**EXERCISE DESCRIPTION**
The records below hold a stretch from the line with "6.1,9.32 6.46,9.32 z2.74:4.24" through the line with "6.1,8.78 6.1,9.32 z0:2.74"; return exactly those lines, ends included, and nothing more.

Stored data
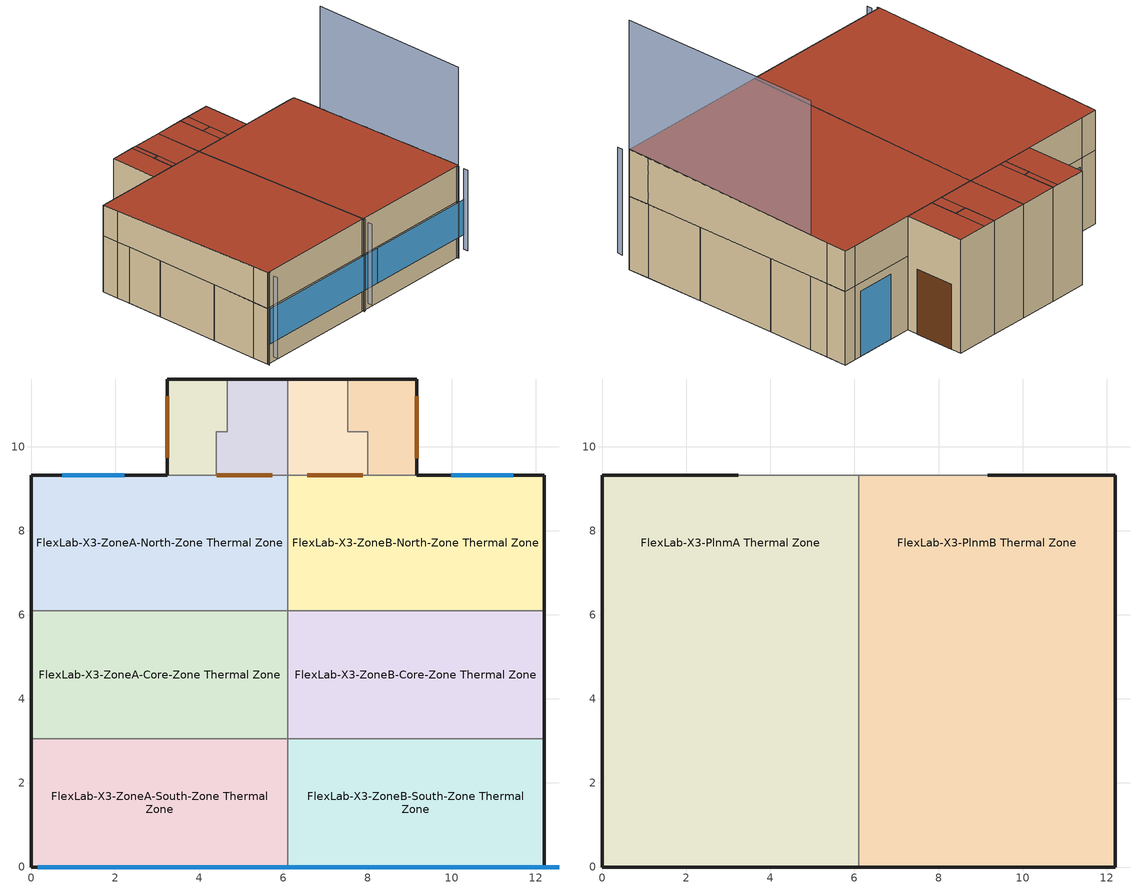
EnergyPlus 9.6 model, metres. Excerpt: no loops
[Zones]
FlexLab-X3-ElecRoom-ZoneA Thermal Zone
 floor ground (Floor-SLAB_3): 4.66,11.61 4.66,10.36 4.41,10.36 4.41,9.32 3.24,9.32 3.24,11.61 z0
 wall outside (ZoneA-NorthWall-ElecRoom-Const): 4.66,11.61 3.24,11.61 z0:4.24
 wall outside (ZoneA-WestWall-ElecRoom-Const): 3.24,11.61 3.24,9.32 z0:4.24
 wall to FlexLab-X3-MechRoom-ZoneA Thermal Zone (ZoneA-E1Wall-ElecRoom-Const): 4.41,9.32 4.41,10.36 z0:4.24
 wall to FlexLab-X3-MechRoom-ZoneA Thermal Zone (ZoneA-E2Wall-ElecRoom-Const): 4.66,10.36 4.66,11.61 z0:4.24
 wall to FlexLab-X3-ZoneA-North-Zone Thermal Zone (ZoneA-S1WALL-ElecRoom-Const): 3.24,9.32 4.41,9.32 z0:2.74
 wall to FlexLab-X3-MechRoom-ZoneA Thermal Zone (ZoneA-S2Wall-ElecRoom-Const): 4.41,10.36 4.66,10.36 z0:4.24
 wall to FlexLab-X3-PlnmA Thermal Zone (ZoneA-S1WALL-ElecRoom-Const): 3.24,9.32 4.41,9.32 z2.74:4.24
 door (AllDoor): 3.24,11.21 3.24,9.73 z0:2.43
 roof outside (Roof-Const): 4.41,9.32 4.41,11.61 3.24,11.61 3.24,9.32 z4.24; 4.66,10.36 4.66,11.61 4.41,11.61 4.41,10.36 z4.24
FlexLab-X3-ElecRoom-ZoneB Thermal Zone
 floor ground (Floor-SLAB_3): 9.17,11.61 9.17,9.32 8,9.32 8,10.36 7.53,10.36 7.53,11.61 z0
 wall outside (ZoneB-EastWall-ElecRoom-Const): 9.17,9.32 9.17,11.61 z0:4.24
 wall outside (ZoneB-NorthWall-ElecRoom-Const): 9.17,11.61 7.53,11.61 z0:4.24
 wall to FlexLab-X3-ZoneB-North-Zone Thermal Zone (ZONEB-S1WALL-ElecRoom-Const): 8,9.32 9.17,9.32 z0:2.74
 wall to FlexLab-X3-MechRoom-ZoneB Thermal Zone (ZoneB-S2Wall-ElecRoom-Const): 7.53,10.36 8,10.36 z0:4.24
 wall to FlexLab-X3-PlnmB Thermal Zone (ZONEB-S1WALL-ElecRoom-Const): 8,9.32 9.17,9.32 z2.74:4.24
 wall to FlexLab-X3-MechRoom-ZoneB Thermal Zone (ZoneB-W1Wall-ElecRoom-Const): 8,10.36 8,9.32 z0:4.24
 wall to FlexLab-X3-MechRoom-ZoneB Thermal Zone (ZoneB-W2Wall-ElecRoom-Const): 7.53,11.61 7.53,10.36 z0:4.24
 door (AllDoor): 9.17,9.73 9.17,11.21 z0:2.43
 roof outside (Roof-Const): 8,10.36 8,11.61 7.53,11.61 7.53,10.36 z4.24; 9.17,9.32 9.17,11.61 8,11.61 8,9.32 z4.24
FlexLab-X3-MechRoom-ZoneA Thermal Zone
 floor ground (Floor-SLAB_3): 6.1,11.61 6.1,9.32 4.41,9.32 4.41,10.36 4.66,10.36 4.66,11.61 z0
 wall outside (ZoneA-N1Wall-MechRoom-Const): 6.1,11.61 4.66,11.61 z0:4.24
 wall to FlexLab-X3-MechRoom-ZoneB Thermal Zone (ZoneA-EastWall-MechRoom-Const): 6.1,9.32 6.1,11.61 z0:4.24
 wall to FlexLab-X3-ZoneA-North-Zone Thermal Zone (ZoneA-S1WALL-MECHROOM-Const): 5.75,9.32 6.1,9.32 z0:2.74
 wall to FlexLab-X3-ZoneA-North-Zone Thermal Zone (ZoneA-S2WALL-MECHROOM-Const): 4.41,9.32 5.75,9.32 z0:2.74
 wall to FlexLab-X3-PlnmA Thermal Zone (ZoneA-S1WALL-MECHROOM-Const): 5.75,9.32 6.1,9.32 z2.74:4.24
 wall to FlexLab-X3-PlnmA Thermal Zone (ZoneA-S2WALL-MECHROOM-Const): 4.41,9.32 5.75,9.32 z2.74:4.24
 door inside (AllDoor): 4.42,9.32 5.74,9.32 z0:2.43
 roof outside (Roof-Const): 4.66,9.32 4.66,10.36 4.41,10.36 4.41,9.32 z4.24; 6.1,9.32 6.1,11.61 4.66,11.61 4.66,9.32 z4.24
FlexLab-X3-MechRoom-ZoneB Thermal Zone
 floor ground (Floor-SLAB_3): 7.53,11.61 7.53,10.36 8,10.36 8,9.32 6.1,9.32 6.1,11.61 z0
 wall outside (ZoneB-N1Wall-MechRoom-Const): 7.53,11.61 6.1,11.61 z0:4.24
 wall to FlexLab-X3-ZoneB-North-Zone Thermal Zone (ZoneB-S1WALL-MECHROOM-Const): 6.1,9.32 6.46,9.32 z0:2.74
 wall to FlexLab-X3-ZoneB-North-Zone Thermal Zone (ZoneB-S2WALL-MECHROOM-Const): 6.46,9.32 8,9.32 z0:2.74
 wall to FlexLab-X3-PlnmB Thermal Zone (ZoneB-S1WALL-MECHROOM-Const): 6.1,9.32 6.46,9.32 z2.74:4.24
 wall to FlexLab-X3-PlnmB Thermal Zone (ZoneB-S2WALL-MECHROOM-Const): 6.46,9.32 8,9.32 z2.74:4.24
 door inside (AllDoor): 6.57,9.32 7.89,9.32 z0:2.43
 roof outside (Roof-Const): 7.53,9.32 7.53,11.61 6.1,11.61 6.1,9.32 z4.24; 8,9.32 8,10.36 7.53,10.36 7.53,9.32 z4.24
FlexLab-X3-ZoneA-Core-Zone Thermal Zone
 floor ground (Floor-SLAB): 6.1,6.1 6.1,3.05 0,3.05 0,6.1 z0
 wall outside (ZoneA-W2Wall-Const): 0,6.1 0,3.05 z0:2.74
 wall to FlexLab-X3-ZoneB-Core-Zone Thermal Zone (ZoneA-E2Wall-Const): 6.1,3.05 6.1,6.1 z0:2.74
 wall to FlexLab-X3-ZoneA-North-Zone Thermal Zone (TempNwall-NorthFacing-CONST): 6.1,6.1 0,6.1 z0:2.74
 wall to FlexLab-X3-ZoneA-South-Zone Thermal Zone (TempNwall-SouthFacing-CONST): 0,3.05 6.1,3.05 z0:2.74
FlexLab-X3-ZoneA-North-Zone Thermal Zone
 floor ground (Floor-SLAB): 6.1,9.32 6.1,6.1 0,6.1 0,9.32 z0
 wall outside (ZoneA-N1Wall-Const): 0.65,9.32 0,9.32 z0:2.74
 wall outside (ZoneA-N2Wall-Const): 3.24,9.32 0.65,9.32 z0:2.74
 wall outside (ZoneA-W2Wall-Const): 0,8.52 0,7.82 0,6.1 z0:2.74
 wall outside (ZoneA-W3Wall-Const): 0,9.32 0,8.52 z0:2.74
 wall to FlexLab-X3-ZoneB-North-Zone Thermal Zone (ZoneA-E2Wall-Const): 6.1,6.1 6.1,8.78 z0:2.74
 wall to FlexLab-X3-ZoneB-North-Zone Thermal Zone (ZoneA-E3Wall-Const): 6.1,8.78 6.1,9.32 z0:2.74
 window (Sgl_Clr_6mm_Door): 2.21,9.32 0.74,9.32 z0:2.43
FlexLab-X3-ZoneA-South-Zone Thermal Zone
 floor ground (Floor-SLAB): 6.1,3.05 6.1,0 0,0 0,3.05 z0
 wall outside (ZoneA-S1Wall-Const): 6.05,0 6.1,0 z0:2.74
 wall outside (ZoneA-S2Wall-Const): 0.12,0 6.05,0 z0:2.74
 wall outside (ZoneA-S3Wall-Const): 0,0 0.12,0 z0:2.74
 wall outside (ZoneA-W1Wall-Const): 0,0.8 0,0 z0:2.74
 wall outside (ZoneA-W2Wall-Const): 0,3.05 0,0.8 z0:2.74
 wall to FlexLab-X3-ZoneB-South-Zone Thermal Zone (ZoneA-E2Wall-Const): 6.1,0 6.1,3.05 z0:2.74
 window (GlzSys_A_B): 0.16,0 7.01,0 z0.95:2.67
FlexLab-X3-ZoneB-Core-Zone Thermal Zone
 floor ground (Floor-SLAB): 12.2,6.1 12.2,3.05 6.1,3.05 6.1,6.1 z0
 wall outside (ZoneB-E2Wall-Const): 12.2,3.05 12.2,6.1 z0:2.74
 wall to FlexLab-X3-ZoneB-North-Zone Thermal Zone (TempNwall-NorthFacing-CONST): 12.2,6.1 6.1,6.1 z0:2.74
 wall to FlexLab-X3-ZoneB-South-Zone Thermal Zone (TempNwall-SouthFacing-CONST): 6.1,3.05 12.2,3.05 z0:2.74
FlexLab-X3-ZoneB-North-Zone Thermal Zone
 floor ground (Floor-SLAB): 12.2,9.32 12.2,6.1 6.1,6.1 6.1,9.32 z0
 wall outside (ZoneB-E3Wall-Const): 12.2,7.82 12.2,8.52 12.2,9.32 z0:2.74
 wall outside (ZoneB-E2Wall-Const): 12.2,6.1 12.2,7.82 z0:2.74
 wall outside (ZoneB-N1Wall-Const): 12.2,9.32 11.76,9.32 z0:2.74
 wall outside (ZoneB-N2Wall-Const): 11.76,9.32 9.17,9.32 z0:2.74
 window (GlzSys_61): 11.47,9.32 9.99,9.32 z0:2.43
FlexLab-X3-ZoneB-South-Zone Thermal Zone
 floor ground (Floor-SLAB): 12.2,3.05 12.2,0 6.1,0 6.1,3.05 z0
 wall outside (ZoneB-E1Wall-Const): 12.2,0 12.2,0.8 z0:2.74
 wall outside (ZoneB-E2Wall-Const): 12.2,0.8 12.2,3.05 z0:2.74
 wall outside (ZoneB-S1Wall-Const): 12.1,0 12.2,0 z0:2.74
 wall outside (ZoneB-S2Wall-Const): 6.17,0 12.1,0 z0:2.74
 wall outside (ZoneB-S3Wall-Const): 6.1,0 6.17,0 z0:2.74
 window (GlzSys_B): 6.21,0 12.56,0 z0.95:2.67
FlexLab-X3-PlnmA Thermal Zone
 floor to FlexLab-X3-ZoneA-North-Zone Thermal Zone (FloorPlnm-Const): 6.1,9.32 6.1,6.1 0,6.1 0,9.32 z2.74
 floor to FlexLab-X3-ZoneA-Core-Zone Thermal Zone (FloorPlnm-Const): 6.1,6.1 6.1,3.05 0,3.05 0,6.1 z2.74
 floor to FlexLab-X3-ZoneA-South-Zone Thermal Zone (FloorPlnm-Const): 6.1,3.05 6.1,0 0,0 0,3.05 z2.74
 wall outside (ZoneA-N1Wall-Const): 0.65,9.32 0,9.32 z2.74:4.24
 wall outside (ZoneA-N2Wall-Const): 3.24,9.32 0.65,9.32 z2.74:4.24
 wall outside (ZoneA-S1Wall-Const): 6.05,0 6.1,0 z2.74:4.5
 wall outside (ZoneA-S2Wall-Const): 0.12,0 6.05,0 z2.74:4.5
 wall outside (ZoneA-S3Wall-Const): 0,0 0.12,0 z2.74:4.5
 wall outside (ZoneA-W1Wall-Const): 0,0,4.5 0,0.8,4.47 0,0.8,2.74 0,0,2.74
 wall outside (ZoneA-W2Wall-Const): 0,0.8,4.47 0,8.52,4.26 0,8.52,2.74 0,0.8,2.74
 wall outside (ZoneA-W3Wall-Const): 0,8.52,4.26 0,9.32,4.24 0,9.32,2.74 0,8.52,2.74
 wall to FlexLab-X3-PlnmB Thermal Zone (ZoneA-E2Wall-Const): 6.1,0,4.5 6.1,0,2.74 6.1,9.32,2.74 6.1,9.32,4.24
 roof outside (Roof-Const): 6.1,0,4.5 6.1,9.32,4.24 0,9.32,4.24 0,0,4.5
FlexLab-X3-PlnmB Thermal Zone
 floor to FlexLab-X3-ZoneB-South-Zone Thermal Zone (FloorPlnm-Const): 12.2,3.05 12.2,0 6.1,0 6.1,3.05 z2.74
 floor to FlexLab-X3-ZoneB-Core-Zone Thermal Zone (FloorPlnm-Const): 12.2,6.1 12.2,3.05 6.1,3.05 6.1,6.1 z2.74
 floor to FlexLab-X3-ZoneB-North-Zone Thermal Zone (FloorPlnm-Const): 12.2,9.32 12.2,6.1 6.1,6.1 6.1,9.32 z2.74
 wall outside (ZoneB-E1Wall-Const): 12.2,0,4.5 12.2,0,2.74 12.2,0.8,2.74 12.2,0.8,4.47
 wall outside (ZoneB-E2Wall-Const): 12.2,0.8,4.47 12.2,0.8,2.74 12.2,8.52,2.74 12.2,8.52,4.26
 wall outside (ZoneB-E3Wall-Const): 12.2,8.52,4.26 12.2,8.52,2.74 12.2,9.32,2.74 12.2,9.32,4.24
 wall outside (ZoneB-N1Wall-Const): 12.2,9.32 11.76,9.32 z2.74:4.24
 wall outside (ZoneB-N2Wall-Const): 11.76,9.32 9.17,9.32 z2.74:4.24
 wall outside (ZoneB-S1Wall-Const): 12.1,0 12.2,0 z2.74:4.5
 wall outside (ZoneB-S2Wall-Const): 6.17,0 12.1,0 z2.74:4.5
 wall outside (ZoneB-S3Wall-Const): 6.1,0 6.17,0 z2.74:4.5
 roof outside (Roof-Const): 12.2,0,4.5 12.2,9.32,4.24 6.1,9.32,4.24 6.1,0,4.5
shading: 12.25,-0.47 12.25,-0.27 / 6.1,-0.47 6.1,-0.27 / 0.06,-0.47 0.06,-0.27 z0.46:4.41; 6.07,-0.08 6.07,0 / 0.01,-0.08 0.01,0 / 12.13,-0.08 12.13,0 / 6.14,-0.08 6.14,0 z2.74:4.5; 6.07,-0.08 6.07,0 / 0.01,-0.08 0.01,0 / 12.13,-0.08 12.13,0 / 6.14,-0.08 6.14,0 z0:2.74; 12.2,0,9.3 12.2,0,4.5 12.2,7.82,4.28 12.2,7.82,9.3; 6.05,0 6.05,0.04 0.1,0.04 0.1,0 z2.75; 12.09,0 12.09,0.04 6.17,0.04 6.17,0 z2.75
[Building]
Office: North Axis {deg}=0; Terrain=Suburbs; Loads Convergence Tolerance Value {W}=0.04; Temperature Convergence Tolerance Value {deltaC}=0.4; Solar Distribution=FullInteriorAndExteriorWithReflections; Maximum Number of Warmup Days=30; Minimum Number of Warmup Days=6
[Site:Location]
Climate Zone 3: Latitude {deg}=37.7; Longitude {deg}=-122.2; Time Zone {hr}=-8; Elevation {m}=2
[SizingPeriod:DesignDay] Day of Month=21; Dry-Bulb Temperature Range Modifier Type=DefaultMultipliers; Humidity Condition Type=Wetbulb; Barometric Pressure {Pa}=101301; Rain Indicator=No; Snow Indicator=No; Daylight Saving Time Indicator=No
Name | Month | Day Type | Maximum Dry-Bulb Temperature {C} | Daily Dry-Bulb Temperature Range {deltaC} | Wetbulb or DewPoint at Maximum Dry-Bulb {C} | Wind Speed {m/s} | Wind Direction {deg} | Solar Model Indicator | ASHRAE Clear Sky Optical Depth for Beam Irradiance (taub) | ASHRAE Clear Sky Optical Depth for Diffuse Irradiance (taud) | Sky Clearness
Berkeley Clg .5% Condns DB=>MWB | 8 | SummerDesignDay | 28.3 | 8.9 | 17.8 | 4.9 | 290 | ASHRAETau | 0.367 | 2.428
Berkeley Htg 99.5% Condns DB | 1 | WinterDesignDay | 2.9 | 0 | 2.9 | 2.2 | 50 | ASHRAEClearSky |  |  | 0
[Site:GroundTemperature:FCfactorMethod]
18.8, 14.3, 13.6, 13.2, 13.3, 12.6, 15.3, 15.6, 17.7, 19.4, 19.7, 18.5
[Material]
Name | Roughness | Thickness {m} | Conductivity {W/m-K} | Density {kg/m3} | Specific Heat {J/kg-K} | Thermal Absorptance | Solar Absorptance | Visible Absorptance
Acous Tile 3/4" | MediumSmooth | 0.0191 | 0.057 | 288 | 1331 | 0.9 | 0.2 | 0.2
Carpet 1/4" | MediumSmooth | 0.0064 | 0.06 | 288 | 1380 | 0.9 | 0.7 | 0.7
Cement Board 0.65" | MediumSmooth | 0.0165 | 0.597 | 1922 | 837 | 0.9 | 0.5 | 0.5
Cotton Batt 7" | MediumSmooth | 0.178 | 0.059 | 1480 | 1307 | 0.2 | 0.5 | 0.5
Equiv Layer K1-Hwall North | MediumSmooth | 0.0889 | 0.0503 | 107.1 | 1274 | 0.9 | 0.5 | 0.5
Equiv Layer K1-Hwall South | MediumSmooth | 0.1016 | 0.046 | 75.3 | 1250 | 0.9 | 0.5 | 0.5
Equiv Layer K1-Jwall North | MediumSmooth | 0.1016 | 0.0565 | 619.6 | 1010 | 0.9 | 0.5 | 0.5
Equiv Layer K1-Jwall South | MediumSmooth | 0.0889 | 0.0465 | 105.1 | 1273 | 0.9 | 0.5 | 0.5
Equiv Layer K1-Kwall Middle | MediumSmooth | 0.0762 | 0.0504 | 48.3 | 1228 | 0.9 | 0.5 | 0.5
Equiv Layer K1-Kwall North Corner | MediumSmooth | 0.0762 | 0.055 | 109.2 | 1276 | 0.9 | 0.5 | 0.5
Equiv Layer K1-Kwall South Corner | MediumSmooth | 0.0762 | 0.035 | 109.2 | 1276 | 0.9 | 0.5 | 0.5
Equiv Layer K1-NorthWall | MediumSmooth | 0.1842 | 0.205 | 270 | 1300 | 0.9 | 0.5 | 0.5
Equiv Layer K1-SouthWall | MediumSmooth | 0.1524 | 0.174 | 105.9 | 1312 | 0.9 | 0.5 | 0.5
Equiv Layer K2-Hwall North | MediumSmooth | 0.1803 | 0.0635 | 89.6 | 1261 | 0.9 | 0.5 | 0.5
Equiv Layer K2-Hwall South | MediumSmooth | 0.1016 | 0.0488 | 297.9 | 1411 | 0.9 | 0.5 | 0.5
Equiv Layer K2-Jwall North | MediumSmooth | 0.1848 | 0.184 | 747.9 | 1599 | 0.9 | 0.5 | 0.5
Equiv Layer K2-Jwall South | MediumSmooth | 0.1053 | 0.096 | 873 | 1109 | 0.9 | 0.5 | 0.5
Equiv Layer K2-Kwall North Corner | MediumSmooth | 0.0762 | 0.065 | 111.3 | 1278 | 0.9 | 0.5 | 0.5
Equiv Layer K2-Kwall South Corner | MediumSmooth | 0.0762 | 0.046 | 111.3 | 1278 | 0.9 | 0.5 | 0.5
Equiv Layer K2-NorthWall | MediumSmooth | 0.0762 | 0.0418 | 72.9 | 1249 | 0.9 | 0.5 | 0.5
Equiv Layer K3-Hwall North | MediumSmooth | 0.508 | 0.116 | 563.7 | 968 | 0.9 | 0.5 | 0.5
Equiv Layer K3-Hwall South | MediumSmooth | 0.3927 | 0.066 | 1428 | 1044 | 0.9 | 0.5 | 0.5
Equiv Layer K3-Kwall North Corner | MediumSmooth | 0.197 | 0.052 | 874.9 | 1312 | 0.9 | 0.5 | 0.5
Equiv Layer K3-Kwall South Corner | MediumSmooth | 0.197 | 0.042 | 853.6 | 1300 | 0.9 | 0.5 | 0.5
Equiv Layer K4-NorthWall | MediumSmooth | 0.1524 | 0.136 | 80.1 | 1314 | 0.9 | 0.5 | 0.5
Equiv Layer K5-NorthWall | MediumSmooth | 0.0889 | 0.3706 | 79.4 | 230 | 0.9 | 0.5 | 0.5
Gypsum Board 1/2" | MediumSmooth | 0.0127 | 0.16 | 801 | 837 | 0.9 | 0.69 | 0.63
Gypsum Board 5/8" | MediumSmooth | 0.0159 | 0.16 | 801 | 837 | 0.9 | 0.69 | 0.63
HW CONCRETE 5" | Rough | 0.127 | 1.311 | 2240 | 836.8 | 0.9 | 0.7 | 0.7
Ins Board 3/4" R3.8 | MediumSmooth | 0.0191 | 0.035 | 29 | 1213 | 0.9 | 0.5 | 0.5
Ins Board 4" R20 | MediumSmooth | 0.1016 | 0.037 | 29 | 1213 | 0.9 | 0.5 | 0.5
Ins Board 7.5" R13 | MediumSmooth | 0.1905 | 0.039 | 48 | 1318 | 0.9 | 0.5 | 0.5
Metal Panel 0.0433 | MediumSmooth | 0.0011 | 62 | 7580 | 485 | 0.9 | 0.5 | 0.5
Plywood 1.125" | MediumSmooth | 0.0286 | 0.115 | 545 | 1213 | 0.9 | 0.5 | 0.5
Plywood 1/2" | MediumSmooth | 0.0127 | 0.115 | 545 | 1213 | 0.9 | 0.5 | 0.5
Plywood 3/4" | MediumSmooth | 0.0191 | 0.115 | 545 | 1213 | 0.9 | 0.5 | 0.5
Polyiso 2" | MediumSmooth | 0.0508 | 0.02202 | 31.65 | 1500 | 0.9 | 0.5 | 0.5
Roof Decking 1/2" | Rough | 0.0127 | 0.13 | 850 | 1300 | 0.9 | 0.12 | 0.7
SIP 7.25" | MediumSmooth | 0.1842 | 0.038 | 29 | 1210 | 0.9 | 0.5 | 0.5
Slab Horizontal Insulation 5" | Smooth | 0.127 | 0.035 | 265 | 1300 | 0.9 | 0.65 | 0.65
Spray-on Insul and Wood | Rough | 0.2413 | 0.0324 | 68.71 | 1558 | 0.9 | 0.12 | 0.7
Std Wood 6inch | MediumSmooth | 0.15 | 0.12 | 540 | 1210 | 0.9 | 0.7 | 0.7
Topping Slab 6" | Rough | 0.1524 | 1.95 | 2087 | 900 | 0.9 | 0.65 | 0.65
Door_StainlessSteel | MediumSmooth | 0.015 | 20 | 8050 | 450 | 0.9 | 0.9 | 0.9
Door_InsulationBoard | MediumSmooth | 0.08 | 0.03 | 40 | 1200 | 0.9 | 0.9 | 0.9
AdditionalInsulation | MediumRough | 0.1524 | 0.023 | 40 | 1500 | 0.9 | 0.7 | 0.7
[Material:AirGap]
Air Layer 3/4" vertical-AL11: Thermal Resistance {m2-K/W}=0.158
[WindowMaterial:SimpleGlazingSystem] U-Factor {W/m2-K}=5.11; Solar Heat Gain Coefficient=0.48; Visible Transmittance=0.54
GlzSys_A_B_Detail; GlzSys_B_Detail
[WindowMaterial:Glazing] Optical Data Type=SpectralAverage; Infrared Transmittance at Normal Incidence=0
Name | Thickness {m} | Solar Transmittance at Normal Incidence | Front Side Solar Reflectance at Normal Incidence | Back Side Solar Reflectance at Normal Incidence | Visible Transmittance at Normal Incidence | Front Side Visible Reflectance at Normal Incidence | Back Side Visible Reflectance at Normal Incidence | Front Side Infrared Hemispherical Emissivity | Back Side Infrared Hemispherical Emissivity | Conductivity {W/m-K}
Glass_60004_LayerAvg | 0.001613 | 0 | 0.5 | 0.5 | 0 | 0.5 | 0.5 | 0.2 | 0.2 | 62.0001
Glass_60005_LayerAvg | 0.047371 | 0 | 0.5 | 0.5 | 0 | 0.5 | 0.5 | 0.9 | 0.9 | 0.050191
CLEAR 6MM | 0.006 | 0.775 | 0.071 | 0.071 | 0.881 | 0.08 | 0.08 | 0.84 | 0.84 | 0.9
[WindowMaterial:Gas]
Gap_206_W_0_0001: Gas Type=Custom; Thickness {m}=0.0001; Conductivity Coefficient A {W/m-K}=0.002873; Conductivity Coefficient B {W/m-K2}=7.76e-05; Viscosity Coefficient A {kg/m-s}=3.723e-06; Viscosity Coefficient B {kg/m-s-K}=4.94e-08; Specific Heat Coefficient A {J/kg-K}=1002.737; Specific Heat Coefficient B {J/kg-K2}=0.012324; Molecular Weight {g/mol}=28.97
[WindowMaterial:Blind]
BLIND WITH HIGH REFLECTIVITY SLATS: Slat Orientation=Horizontal; Slat Width {m}=0.025; Slat Separation {m}=0.01875; Slat Thickness {m}=0.001; Slat Angle {deg}=3; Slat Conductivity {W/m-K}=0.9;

**RESULT OF THIS TASK**
 wall to FlexLab-X3-PlnmB Thermal Zone (ZoneB-S1WALL-MECHROOM-Const): 6.1,9.32 6.46,9.32 z2.74:4.24
 wall to FlexLab-X3-PlnmB Thermal Zone (ZoneB-S2WALL-MECHROOM-Const): 6.46,9.32 8,9.32 z2.74:4.24
 door inside (AllDoor): 6.57,9.32 7.89,9.32 z0:2.43
 roof outside (Roof-Const): 7.53,9.32 7.53,11.61 6.1,11.61 6.1,9.32 z4.24; 8,9.32 8,10.36 7.53,10.36 7.53,9.32 z4.24
FlexLab-X3-ZoneA-Core-Zone Thermal Zone
 floor ground (Floor-SLAB): 6.1,6.1 6.1,3.05 0,3.05 0,6.1 z0
 wall outside (ZoneA-W2Wall-Const): 0,6.1 0,3.05 z0:2.74
 wall to FlexLab-X3-ZoneB-Core-Zone Thermal Zone (ZoneA-E2Wall-Const): 6.1,3.05 6.1,6.1 z0:2.74
 wall to FlexLab-X3-ZoneA-North-Zone Thermal Zone (TempNwall-NorthFacing-CONST): 6.1,6.1 0,6.1 z0:2.74
 wall to FlexLab-X3-ZoneA-South-Zone Thermal Zone (TempNwall-SouthFacing-CONST): 0,3.05 6.1,3.05 z0:2.74
FlexLab-X3-ZoneA-North-Zone Thermal Zone
 floor ground (Floor-SLAB): 6.1,9.32 6.1,6.1 0,6.1 0,9.32 z0
 wall outside (ZoneA-N1Wall-Const): 0.65,9.32 0,9.32 z0:2.74
 wall outside (ZoneA-N2Wall-Const): 3.24,9.32 0.65,9.32 z0:2.74
 wall outside (ZoneA-W2Wall-Const): 0,8.52 0,7.82 0,6.1 z0:2.74
 wall outside (ZoneA-W3Wall-Const): 0,9.32 0,8.52 z0:2.74
 wall to FlexLab-X3-ZoneB-North-Zone Thermal Zone (ZoneA-E2Wall-Const): 6.1,6.1 6.1,8.78 z0:2.74
 wall to FlexLab-X3-ZoneB-North-Zone Thermal Zone (ZoneA-E3Wall-Const): 6.1,8.78 6.1,9.32 z0:2.74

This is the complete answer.